Buddypress growing up – adding to the wishlist
by Philipp
Buddypress turned 1 (point 0) recently, which is great, because we would like to use it for peer2peeruniversity.org. Joss immediately posted a little wishlist for features he’d like to see in future versions (and he puts his money where his mouth is – offering to pay for some of the development). So, I thought, why not do the same and add one feature to his wishlist.
- Integrate groups and blogs. We have been thinking about “courses” (learning communities) as blogs in buddy press/ WPMU. Within those courses we’d like to have discussion groups. Buddy press currently treats blogs and groups as separate things completely. We’d like to link a group and a blog, so that those who are blog authors (course participants) are automatically part of the discussion group. We’d also like to pull them together on the course home-page, but I suspect that can be done through an appropriately designed theme.

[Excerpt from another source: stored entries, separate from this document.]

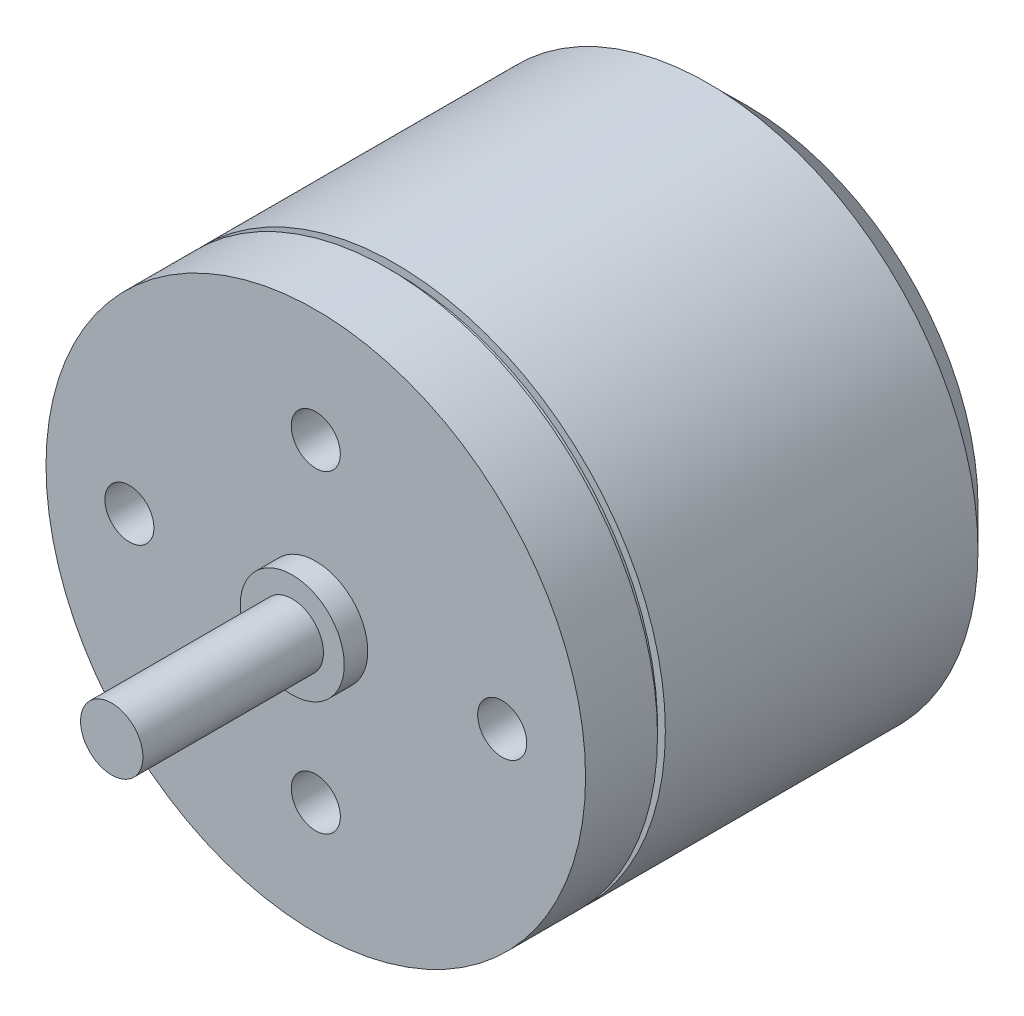
ISO-10303-21;
HEADER;
FILE_DESCRIPTION(('STEP AP214'),'2;1');
FILE_NAME('part.step','',(''),(''),'','','');
FILE_SCHEMA(('AUTOMOTIVE_DESIGN { 1 0 10303 214 1 1 1 1 }'));
ENDSEC;
DATA;
#1=APPLICATION_CONTEXT('core data for automotive mechanical design processes');
#2=APPLICATION_PROTOCOL_DEFINITION('international standard','automotive_design',2000,#1);
#3=PRODUCT_CONTEXT('',#1,'mechanical');
#4=PRODUCT('Part','Part','',(#3));
#5=PRODUCT_RELATED_PRODUCT_CATEGORY('part','',(#4));
#6=PRODUCT_DEFINITION_FORMATION('','',#4);
#7=PRODUCT_DEFINITION_CONTEXT('part definition',#1,'design');
#8=PRODUCT_DEFINITION('design','',#6,#7);
#9=PRODUCT_DEFINITION_SHAPE('','',#8);
#10=(LENGTH_UNIT() NAMED_UNIT(*) SI_UNIT(.MILLI.,.METRE.));
#11=(NAMED_UNIT(*) PLANE_ANGLE_UNIT() SI_UNIT($,.RADIAN.));
#12=(NAMED_UNIT(*) SI_UNIT($,.STERADIAN.) SOLID_ANGLE_UNIT());
#13=UNCERTAINTY_MEASURE_WITH_UNIT(LENGTH_MEASURE(1.E-05),#10,'distance_accuracy_value','');
#14=(GEOMETRIC_REPRESENTATION_CONTEXT(3) GLOBAL_UNCERTAINTY_ASSIGNED_CONTEXT((#13)) GLOBAL_UNIT_ASSIGNED_CONTEXT((#10,
#11,#12)) REPRESENTATION_CONTEXT('',''));
#15=CARTESIAN_POINT('',(0.,0.,0.));
#16=DIRECTION('',(0.,0.,1.));
#17=DIRECTION('',(1.,0.,0.));
#18=AXIS2_PLACEMENT_3D('',#15,#16,#17);
#19=CARTESIAN_POINT('',(0.,0.,1.2));
#20=DIRECTION('',(0.,0.,1.));
#21=DIRECTION('',(1.,0.,0.));
#22=AXIS2_PLACEMENT_3D('',#19,#20,#21);
#23=PLANE('',#22);
#24=CARTESIAN_POINT('',(0.,0.,1.2));
#25=DIRECTION('',(0.,0.,1.));
#26=DIRECTION('',(1.,0.,0.));
#27=AXIS2_PLACEMENT_3D('',#24,#25,#26);
#28=CIRCLE('',#27,2.65);
#29=CARTESIAN_POINT('',(2.65,0.,1.2));
#30=VERTEX_POINT('',#29);
#31=EDGE_CURVE('E112',#30,#30,#28,.T.);
#32=ORIENTED_EDGE('',*,*,#31,.T.);
#33=EDGE_LOOP('',(#32));
#34=FACE_BOUND('',#33,.T.);
#35=CARTESIAN_POINT('',(0.,0.,1.2));
#36=DIRECTION('',(0.,0.,1.));
#37=DIRECTION('',(1.,0.,0.));
#38=AXIS2_PLACEMENT_3D('',#35,#36,#37);
#39=CIRCLE('',#38,1.59);
#40=CARTESIAN_POINT('',(1.59,0.,1.2));
#41=VERTEX_POINT('',#40);
#42=EDGE_CURVE('E118',#41,#41,#39,.T.);
#43=ORIENTED_EDGE('',*,*,#42,.F.);
#44=EDGE_LOOP('',(#43));
#45=FACE_BOUND('',#44,.T.);
#46=ADVANCED_FACE('F34',(#34,#45),#23,.T.);
#47=CARTESIAN_POINT('',(0.,0.,0.));
#48=DIRECTION('',(0.,0.,-1.));
#49=DIRECTION('',(-1.,0.,0.));
#50=AXIS2_PLACEMENT_3D('',#47,#48,#49);
#51=PLANE('',#50);
#52=CARTESIAN_POINT('',(0.,0.,0.));
#53=DIRECTION('',(0.,0.,-1.));
#54=DIRECTION('',(-1.,0.,0.));
#55=AXIS2_PLACEMENT_3D('',#52,#53,#54);
#56=CIRCLE('',#55,13.75);
#57=CARTESIAN_POINT('',(-13.75,0.,0.));
#58=VERTEX_POINT('',#57);
#59=EDGE_CURVE('E49',#58,#58,#56,.T.);
#60=ORIENTED_EDGE('',*,*,#59,.F.);
#61=EDGE_LOOP('',(#60));
#62=FACE_BOUND('',#61,.T.);
#63=CARTESIAN_POINT('',(9.5,0.,0.));
#64=DIRECTION('',(0.,0.,1.));
#65=DIRECTION('',(1.,0.,0.));
#66=AXIS2_PLACEMENT_3D('',#63,#64,#65);
#67=CIRCLE('',#66,1.25);
#68=CARTESIAN_POINT('',(10.75,0.,0.));
#69=VERTEX_POINT('',#68);
#70=EDGE_CURVE('E67',#69,#69,#67,.T.);
#71=ORIENTED_EDGE('',*,*,#70,.F.);
#72=EDGE_LOOP('',(#71));
#73=FACE_BOUND('',#72,.T.);
#74=CARTESIAN_POINT('',(0.,8.,0.));
#75=DIRECTION('',(0.,0.,1.));
#76=DIRECTION('',(1.,0.,0.));
#77=AXIS2_PLACEMENT_3D('',#74,#75,#76);
#78=CIRCLE('',#77,1.25);
#79=CARTESIAN_POINT('',(1.25,8.,0.));
#80=VERTEX_POINT('',#79);
#81=EDGE_CURVE('E73',#80,#80,#78,.T.);
#82=ORIENTED_EDGE('',*,*,#81,.F.);
#83=EDGE_LOOP('',(#82));
#84=FACE_BOUND('',#83,.T.);
#85=CARTESIAN_POINT('',(0.,-8.,0.));
#86=DIRECTION('',(0.,0.,1.));
#87=DIRECTION('',(-1.,0.,0.));
#88=AXIS2_PLACEMENT_3D('',#85,#86,#87);
#89=CIRCLE('',#88,1.25);
#90=CARTESIAN_POINT('',(-1.25,-8.,0.));
#91=VERTEX_POINT('',#90);
#92=EDGE_CURVE('E79',#91,#91,#89,.T.);
#93=ORIENTED_EDGE('',*,*,#92,.F.);
#94=EDGE_LOOP('',(#93));
#95=FACE_BOUND('',#94,.T.);
#96=CARTESIAN_POINT('',(-9.5,0.,0.));
#97=DIRECTION('',(0.,0.,1.));
#98=DIRECTION('',(-1.,0.,0.));
#99=AXIS2_PLACEMENT_3D('',#96,#97,#98);
#100=CIRCLE('',#99,1.25);
#101=CARTESIAN_POINT('',(-10.75,0.,0.));
#102=VERTEX_POINT('',#101);
#103=EDGE_CURVE('E85',#102,#102,#100,.T.);
#104=ORIENTED_EDGE('',*,*,#103,.F.);
#105=EDGE_LOOP('',(#104));
#106=FACE_BOUND('',#105,.T.);
#107=CARTESIAN_POINT('',(0.,0.,0.));
#108=DIRECTION('',(0.,0.,-1.));
#109=DIRECTION('',(-1.,0.,0.));
#110=AXIS2_PLACEMENT_3D('',#107,#108,#109);
#111=CIRCLE('',#110,2.65);
#112=CARTESIAN_POINT('',(-2.65,0.,0.));
#113=VERTEX_POINT('',#112);
#114=EDGE_CURVE('E45',#113,#113,#111,.F.);
#115=ORIENTED_EDGE('',*,*,#114,.F.);
#116=EDGE_LOOP('',(#115));
#117=FACE_BOUND('',#116,.T.);
#118=ADVANCED_FACE('F134',(#62,#73,#84,#95,#106,#117),#51,.F.);
#119=CARTESIAN_POINT('',(0.,0.,-22.));
#120=DIRECTION('',(0.,0.,-1.));
#121=DIRECTION('',(-1.,0.,0.));
#122=AXIS2_PLACEMENT_3D('',#119,#120,#121);
#123=CYLINDRICAL_SURFACE('',#122,13.75);
#124=CARTESIAN_POINT('',(0.,0.,-3.66666666666667));
#125=DIRECTION('',(0.,0.,-1.));
#126=DIRECTION('',(-1.,0.,0.));
#127=AXIS2_PLACEMENT_3D('',#124,#125,#126);
#128=CIRCLE('',#127,13.75);
#129=CARTESIAN_POINT('',(-13.75,0.,-3.66666666666667));
#130=VERTEX_POINT('',#129);
#131=EDGE_CURVE('E54',#130,#130,#128,.T.);
#132=ORIENTED_EDGE('',*,*,#131,.F.);
#133=EDGE_LOOP('',(#132));
#134=FACE_BOUND('',#133,.T.);
#135=ORIENTED_EDGE('',*,*,#59,.T.);
#136=EDGE_LOOP('',(#135));
#137=FACE_BOUND('',#136,.T.);
#138=ADVANCED_FACE('F140',(#134,#137),#123,.T.);
#139=CARTESIAN_POINT('',(13.35,0.,-3.66666666666667));
#140=DIRECTION('',(0.,0.,1.));
#141=DIRECTION('',(1.,0.,0.));
#142=AXIS2_PLACEMENT_3D('',#139,#140,#141);
#143=PLANE('',#142);
#144=CARTESIAN_POINT('',(0.,0.,-3.66666666666667));
#145=DIRECTION('',(0.,0.,-1.));
#146=DIRECTION('',(-1.,0.,0.));
#147=AXIS2_PLACEMENT_3D('',#144,#145,#146);
#148=CIRCLE('',#147,13.35);
#149=CARTESIAN_POINT('',(-13.35,0.,-3.66666666666667));
#150=VERTEX_POINT('',#149);
#151=EDGE_CURVE('E57',#150,#150,#148,.T.);
#152=ORIENTED_EDGE('',*,*,#151,.F.);
#153=EDGE_LOOP('',(#152));
#154=FACE_BOUND('',#153,.T.);
#155=ORIENTED_EDGE('',*,*,#131,.T.);
#156=EDGE_LOOP('',(#155));
#157=FACE_BOUND('',#156,.T.);
#158=ADVANCED_FACE('F224',(#154,#157),#143,.F.);
#159=CARTESIAN_POINT('',(0.,0.,-22.));
#160=DIRECTION('',(0.,0.,-1.));
#161=DIRECTION('',(-1.,0.,0.));
#162=AXIS2_PLACEMENT_3D('',#159,#160,#161);
#163=CYLINDRICAL_SURFACE('',#162,13.35);
#164=CARTESIAN_POINT('',(0.,0.,-4.06666666666667));
#165=DIRECTION('',(0.,0.,-1.));
#166=DIRECTION('',(-1.,0.,0.));
#167=AXIS2_PLACEMENT_3D('',#164,#165,#166);
#168=CIRCLE('',#167,13.35);
#169=CARTESIAN_POINT('',(-13.35,0.,-4.06666666666667));
#170=VERTEX_POINT('',#169);
#171=EDGE_CURVE('E60',#170,#170,#168,.T.);
#172=ORIENTED_EDGE('',*,*,#171,.F.);
#173=EDGE_LOOP('',(#172));
#174=FACE_BOUND('',#173,.T.);
#175=ORIENTED_EDGE('',*,*,#151,.T.);
#176=EDGE_LOOP('',(#175));
#177=FACE_BOUND('',#176,.T.);
#178=ADVANCED_FACE('F220',(#174,#177),#163,.T.);
#179=CARTESIAN_POINT('',(13.75,0.,-4.06666666666667));
#180=DIRECTION('',(0.,0.,-1.));
#181=DIRECTION('',(-1.,0.,0.));
#182=AXIS2_PLACEMENT_3D('',#179,#180,#181);
#183=PLANE('',#182);
#184=CARTESIAN_POINT('',(0.,0.,-4.06666666666667));
#185=DIRECTION('',(0.,0.,-1.));
#186=DIRECTION('',(-1.,0.,0.));
#187=AXIS2_PLACEMENT_3D('',#184,#185,#186);
#188=CIRCLE('',#187,13.75);
#189=CARTESIAN_POINT('',(-13.75,0.,-4.06666666666667));
#190=VERTEX_POINT('',#189);
#191=EDGE_CURVE('E63',#190,#190,#188,.T.);
#192=ORIENTED_EDGE('',*,*,#191,.F.);
#193=EDGE_LOOP('',(#192));
#194=FACE_BOUND('',#193,.T.);
#195=ORIENTED_EDGE('',*,*,#171,.T.);
#196=EDGE_LOOP('',(#195));
#197=FACE_BOUND('',#196,.T.);
#198=ADVANCED_FACE('F217',(#194,#197),#183,.F.);
#199=CARTESIAN_POINT('',(0.,0.,-22.));
#200=DIRECTION('',(0.,0.,-1.));
#201=DIRECTION('',(-1.,0.,0.));
#202=AXIS2_PLACEMENT_3D('',#199,#200,#201);
#203=CYLINDRICAL_SURFACE('',#202,13.75);
#204=CARTESIAN_POINT('',(0.,0.,-20.));
#205=DIRECTION('',(0.,0.,1.));
#206=DIRECTION('',(1.,0.,0.));
#207=AXIS2_PLACEMENT_3D('',#204,#205,#206);
#208=CIRCLE('',#207,13.75);
#209=CARTESIAN_POINT('',(13.75,0.,-20.));
#210=VERTEX_POINT('',#209);
#211=EDGE_CURVE('E10',#210,#210,#208,.T.);
#212=ORIENTED_EDGE('',*,*,#211,.T.);
#213=EDGE_LOOP('',(#212));
#214=FACE_BOUND('',#213,.T.);
#215=ORIENTED_EDGE('',*,*,#191,.T.);
#216=EDGE_LOOP('',(#215));
#217=FACE_BOUND('',#216,.T.);
#218=ADVANCED_FACE('F214',(#214,#217),#203,.T.);
#219=CARTESIAN_POINT('',(13.75,0.,-22.));
#220=DIRECTION('',(0.,0.,1.));
#221=DIRECTION('',(1.,0.,0.));
#222=AXIS2_PLACEMENT_3D('',#219,#220,#221);
#223=PLANE('',#222);
#224=CARTESIAN_POINT('',(0.,0.,-22.));
#225=DIRECTION('',(0.,0.,1.));
#226=DIRECTION('',(1.,0.,0.));
#227=AXIS2_PLACEMENT_3D('',#224,#225,#226);
#228=CIRCLE('',#227,11.75);
#229=CARTESIAN_POINT('',(11.75,0.,-22.));
#230=VERTEX_POINT('',#229);
#231=EDGE_CURVE('E41',#230,#230,#228,.F.);
#232=ORIENTED_EDGE('',*,*,#231,.T.);
#233=EDGE_LOOP('',(#232));
#234=FACE_BOUND('',#233,.T.);
#235=CARTESIAN_POINT('',(0.,6.,-22.));
#236=DIRECTION('',(0.,0.,-1.));
#237=DIRECTION('',(-1.,0.,0.));
#238=AXIS2_PLACEMENT_3D('',#235,#236,#237);
#239=CIRCLE('',#238,1.25);
#240=CARTESIAN_POINT('',(-1.25,6.,-22.));
#241=VERTEX_POINT('',#240);
#242=EDGE_CURVE('E109',#241,#241,#239,.T.);
#243=ORIENTED_EDGE('',*,*,#242,.F.);
#244=EDGE_LOOP('',(#243));
#245=FACE_BOUND('',#244,.T.);
#246=CARTESIAN_POINT('',(6.,0.,-22.));
#247=DIRECTION('',(0.,0.,-1.));
#248=DIRECTION('',(-1.,0.,0.));
#249=AXIS2_PLACEMENT_3D('',#246,#247,#248);
#250=CIRCLE('',#249,1.25);
#251=CARTESIAN_POINT('',(4.75,0.,-22.));
#252=VERTEX_POINT('',#251);
#253=EDGE_CURVE('E103',#252,#252,#250,.T.);
#254=ORIENTED_EDGE('',*,*,#253,.F.);
#255=EDGE_LOOP('',(#254));
#256=FACE_BOUND('',#255,.T.);
#257=CARTESIAN_POINT('',(0.,-6.,-22.));
#258=DIRECTION('',(0.,0.,-1.));
#259=DIRECTION('',(-1.,0.,0.));
#260=AXIS2_PLACEMENT_3D('',#257,#258,#259);
#261=CIRCLE('',#260,1.25);
#262=CARTESIAN_POINT('',(-1.25,-6.,-22.));
#263=VERTEX_POINT('',#262);
#264=EDGE_CURVE('E97',#263,#263,#261,.T.);
#265=ORIENTED_EDGE('',*,*,#264,.F.);
#266=EDGE_LOOP('',(#265));
#267=FACE_BOUND('',#266,.T.);
#268=CARTESIAN_POINT('',(-6.,0.,-22.));
#269=DIRECTION('',(0.,0.,-1.));
#270=DIRECTION('',(-1.,0.,0.));
#271=AXIS2_PLACEMENT_3D('',#268,#269,#270);
#272=CIRCLE('',#271,1.25);
#273=CARTESIAN_POINT('',(-7.25,0.,-22.));
#274=VERTEX_POINT('',#273);
#275=EDGE_CURVE('E91',#274,#274,#272,.T.);
#276=ORIENTED_EDGE('',*,*,#275,.F.);
#277=EDGE_LOOP('',(#276));
#278=FACE_BOUND('',#277,.T.);
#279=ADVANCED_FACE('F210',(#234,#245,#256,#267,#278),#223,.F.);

Maybe what we need is tweaking and configuring rather than software development, but we’d need someone who can help us think through the details and do the tweaking. And we’d be happy to pay for development as long as it remains part of the buddypress context and useful to other people.
And while I am at it. Here is something else we’d love to see emerge in the wider WP MU world (not really part of buddpress). I have heard Jim Groom talk about something like this, and Hans/Heili/Priit are interested in the idea as well (they call it edufeedr).
- Edufeedr/Discussionmaster: Assuming that blog/group integration works, we’d like to be able to turn conversations that take place on external blogs and internal blogs and in the group, into one master conversation including all comments. The master conversation works like a blog planet, but includes comments and syncs inwards (pulling all new content in) and outwards (pushing comments back to the blog posts that they refer to). Admitted, this goes beyond buddypress – and should probably be a separate thing.


Philipp,
I really think an RSS architecture wherein P2P becomes a kind of syndication bus for resources that can be archived and expanded would be awesome. I have an idea for teaching a course on Pirates and Zombies (then and now) through P2P wherein we can test this structure. The course is something I have been developing for a freshman seminar at UMW, but I would really like to throw it out at P2P and see if it might provide an interesting case study/model. let me know if you are interested.
Ahoy Reverend – Harrrrr!
Excellent course, perfect for P2PU. The freshmen at UMW are clearly having too much fun. I am working on a paper on open accreditation this week, but hope to start setting the P2PU sails next week so we can play around with pulling content in. What are you thinking in terms of storing the course outline? I noticed that BYU is using WP for their Open Courseware – they simply create blog pages for the content. That would work. However, my gut feeling is that keeping the basic course outline on a wiki seems more remixable.
Sail Ho!
[...] But just the organization of a series of texts and ideas around a more coherent theme. So, I just commented on Philipp Schmidt’s Sharing Nicely about a course for P2P University. The course would center around the history of pirates, zombies, [...]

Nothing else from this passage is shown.